> _Your assignment_
Retype the data below exactly; skip every image.

Records excerpted from a collection:
◆ ◆ ◆

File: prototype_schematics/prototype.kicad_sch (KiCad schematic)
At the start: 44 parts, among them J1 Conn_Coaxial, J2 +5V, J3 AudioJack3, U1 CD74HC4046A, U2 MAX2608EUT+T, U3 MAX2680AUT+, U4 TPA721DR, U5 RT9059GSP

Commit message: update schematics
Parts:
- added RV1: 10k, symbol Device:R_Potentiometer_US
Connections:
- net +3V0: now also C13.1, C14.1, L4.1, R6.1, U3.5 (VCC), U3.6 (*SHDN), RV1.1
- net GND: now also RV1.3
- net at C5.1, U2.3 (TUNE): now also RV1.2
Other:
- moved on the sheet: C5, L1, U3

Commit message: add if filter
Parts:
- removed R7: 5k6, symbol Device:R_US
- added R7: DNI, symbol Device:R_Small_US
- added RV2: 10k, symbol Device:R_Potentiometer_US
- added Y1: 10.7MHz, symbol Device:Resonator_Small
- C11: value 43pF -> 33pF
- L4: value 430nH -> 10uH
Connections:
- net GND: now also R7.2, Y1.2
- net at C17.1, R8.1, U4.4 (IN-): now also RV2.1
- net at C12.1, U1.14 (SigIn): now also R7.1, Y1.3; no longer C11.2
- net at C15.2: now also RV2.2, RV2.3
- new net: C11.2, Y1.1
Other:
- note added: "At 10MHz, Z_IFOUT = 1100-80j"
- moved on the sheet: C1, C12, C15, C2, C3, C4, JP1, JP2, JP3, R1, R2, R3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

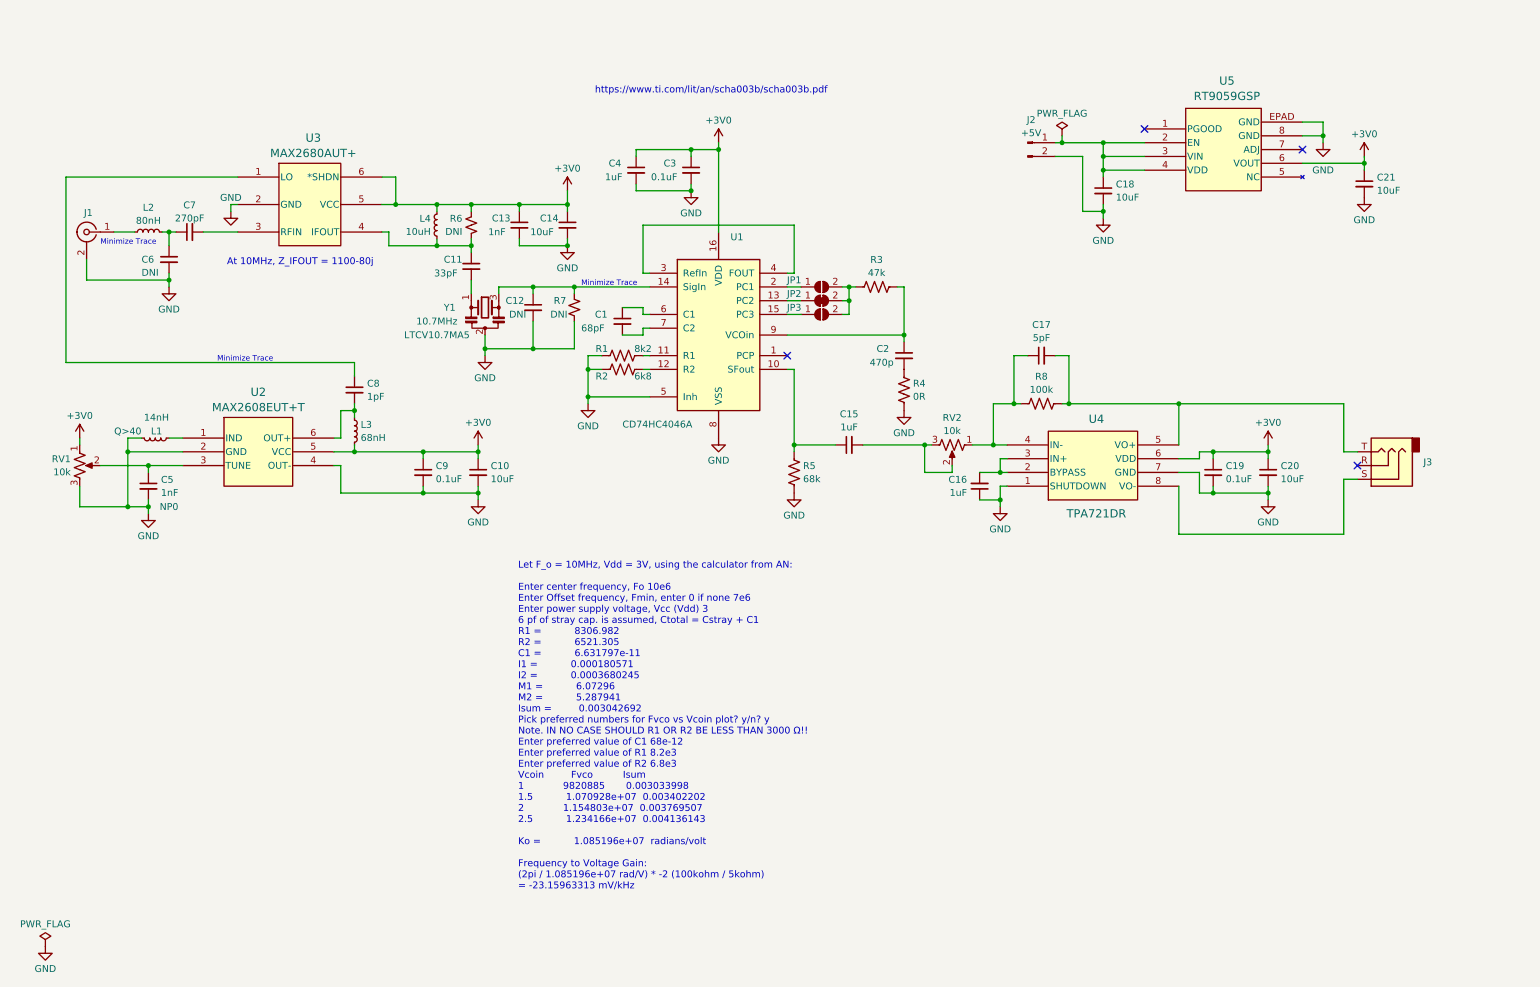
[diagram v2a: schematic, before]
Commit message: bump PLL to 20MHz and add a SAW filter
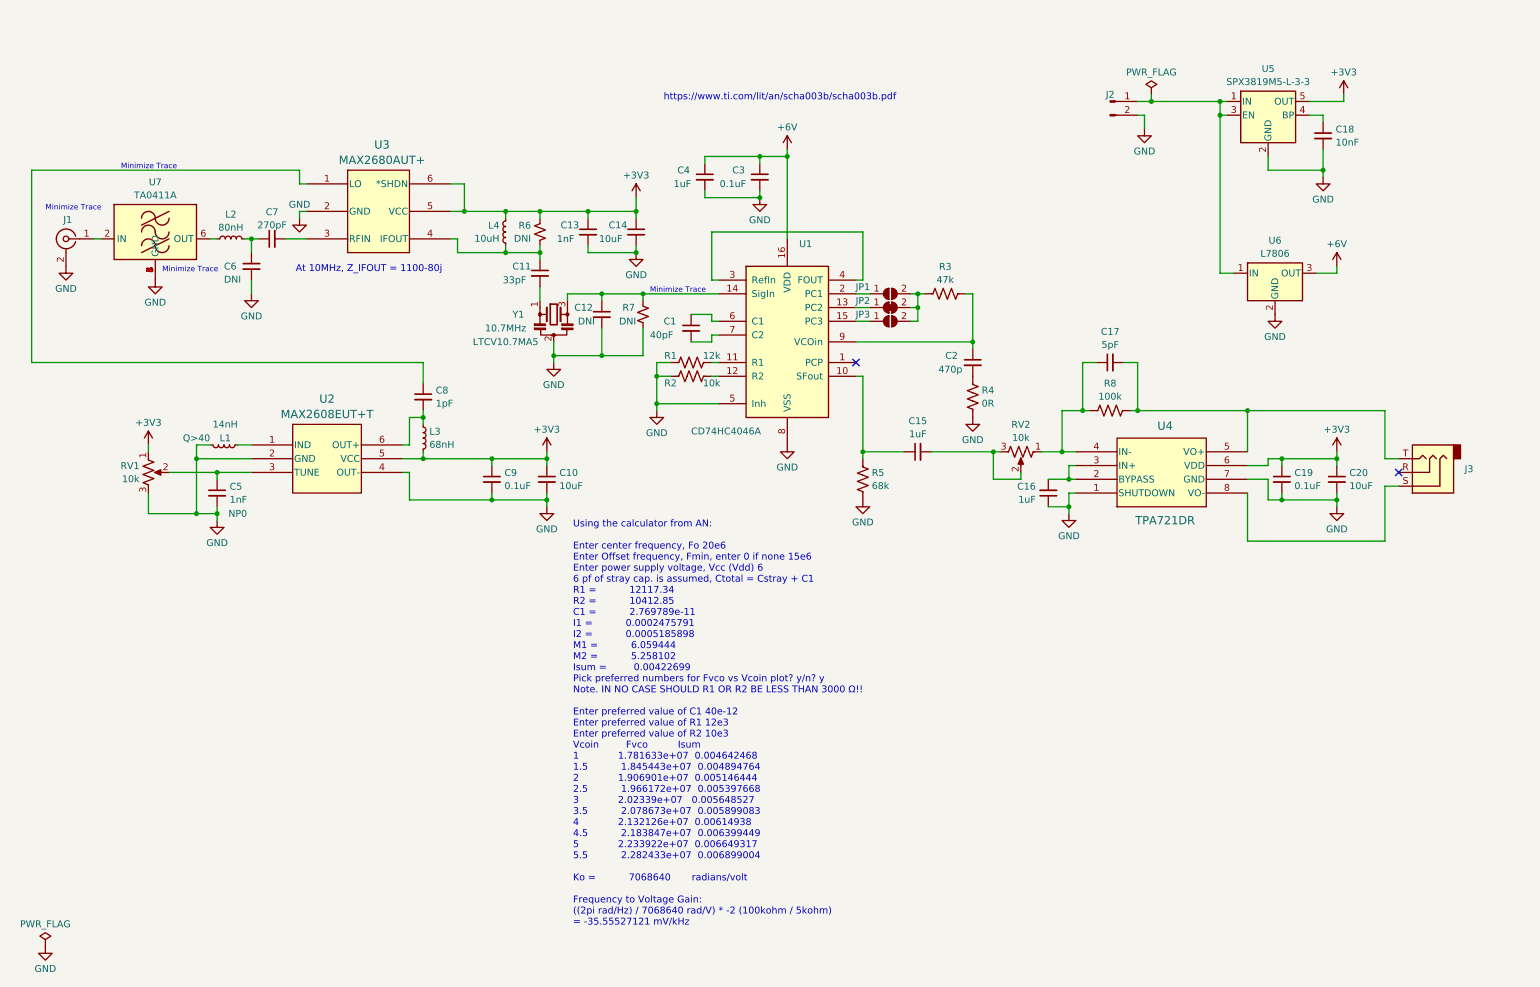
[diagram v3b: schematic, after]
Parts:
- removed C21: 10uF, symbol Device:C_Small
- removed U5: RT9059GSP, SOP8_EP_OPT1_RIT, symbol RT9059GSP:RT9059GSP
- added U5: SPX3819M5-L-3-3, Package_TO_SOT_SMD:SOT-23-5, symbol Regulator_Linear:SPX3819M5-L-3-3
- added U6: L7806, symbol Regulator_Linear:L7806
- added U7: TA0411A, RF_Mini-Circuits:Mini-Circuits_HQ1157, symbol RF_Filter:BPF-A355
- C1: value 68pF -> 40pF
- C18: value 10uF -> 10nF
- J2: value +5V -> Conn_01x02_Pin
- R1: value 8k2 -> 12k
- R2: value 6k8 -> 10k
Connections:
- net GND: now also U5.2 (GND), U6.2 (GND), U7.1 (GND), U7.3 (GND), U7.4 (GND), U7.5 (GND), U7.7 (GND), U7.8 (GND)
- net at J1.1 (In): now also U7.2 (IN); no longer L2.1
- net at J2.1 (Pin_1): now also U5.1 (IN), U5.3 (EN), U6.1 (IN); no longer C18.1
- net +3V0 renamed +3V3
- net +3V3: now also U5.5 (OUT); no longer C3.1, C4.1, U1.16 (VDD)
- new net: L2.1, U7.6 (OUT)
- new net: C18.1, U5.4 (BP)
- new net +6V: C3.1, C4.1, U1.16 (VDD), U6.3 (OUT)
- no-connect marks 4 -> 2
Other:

◆ ◆ ◆

> _Solved exercise_
File: prototype_schematics/prototype.kicad_sch (KiCad schematic)
At the start: 44 parts, among them J1 Conn_Coaxial, J2 +5V, J3 AudioJack3, U1 CD74HC4046A, U2 MAX2608EUT+T, U3 MAX2680AUT+, U4 TPA721DR, U5 RT9059GSP

Commit message: update schematics
Parts:
- added RV1: 10k, symbol Device:R_Potentiometer_US
Connections:
- net +3V0: now also C13.1, C14.1, L4.1, R6.1, U3.5 (VCC), U3.6 (*SHDN), RV1.1
- net GND: now also RV1.3
- net at C5.1, U2.3 (TUNE): now also RV1.2
Other:
- moved on the sheet: C5, L1, U3

Commit message: add if filter
Parts:
- removed R7: 5k6, symbol Device:R_US
- added R7: DNI, symbol Device:R_Small_US
- added RV2: 10k, symbol Device:R_Potentiometer_US
- added Y1: 10.7MHz, symbol Device:Resonator_Small
- C11: value 43pF -> 33pF
- L4: value 430nH -> 10uH
Connections:
- net GND: now also R7.2, Y1.2
- net at C17.1, R8.1, U4.4 (IN-): now also RV2.1
- net at C12.1, U1.14 (SigIn): now also R7.1, Y1.3; no longer C11.2
- net at C15.2: now also RV2.2, RV2.3
- new net: C11.2, Y1.1
Other:
- note added: "At 10MHz, Z_IFOUT = 1100-80j"
- moved on the sheet: C1, C12, C15, C2, C3, C4, JP1, JP2, JP3, R1, R2, R3

[diagram v2a: schematic, before]
Commit message: bump PLL to 20MHz and add a SAW filter
[diagram v3b: schematic, after]
Parts:
- removed C21: 10uF, symbol Device:C_Small
- removed U5: RT9059GSP, SOP8_EP_OPT1_RIT, symbol RT9059GSP:RT9059GSP
- added U5: SPX3819M5-L-3-3, Package_TO_SOT_SMD:SOT-23-5, symbol Regulator_Linear:SPX3819M5-L-3-3
- added U6: L7806, symbol Regulator_Linear:L7806
- added U7: TA0411A, RF_Mini-Circuits:Mini-Circuits_HQ1157, symbol RF_Filter:BPF-A355
- C1: value 68pF -> 40pF
- C18: value 10uF -> 10nF
- J2: value +5V -> Conn_01x02_Pin
- R1: value 8k2 -> 12k
- R2: value 6k8 -> 10k
Connections:
- net GND: now also U5.2 (GND), U6.2 (GND), U7.1 (GND), U7.3 (GND), U7.4 (GND), U7.5 (GND), U7.7 (GND), U7.8 (GND)
- net at J1.1 (In): now also U7.2 (IN); no longer L2.1
- net at J2.1 (Pin_1): now also U5.1 (IN), U5.3 (EN), U6.1 (IN); no longer C18.1
- net +3V0 renamed +3V3
- net +3V3: now also U5.5 (OUT); no longer C3.1, C4.1, U1.16 (VDD)
- new net: L2.1, U7.6 (OUT)
- new net: C18.1, U5.4 (BP)
- new net +6V: C3.1, C4.1, U1.16 (VDD), U6.3 (OUT)
- no-connect marks 4 -> 2
Other:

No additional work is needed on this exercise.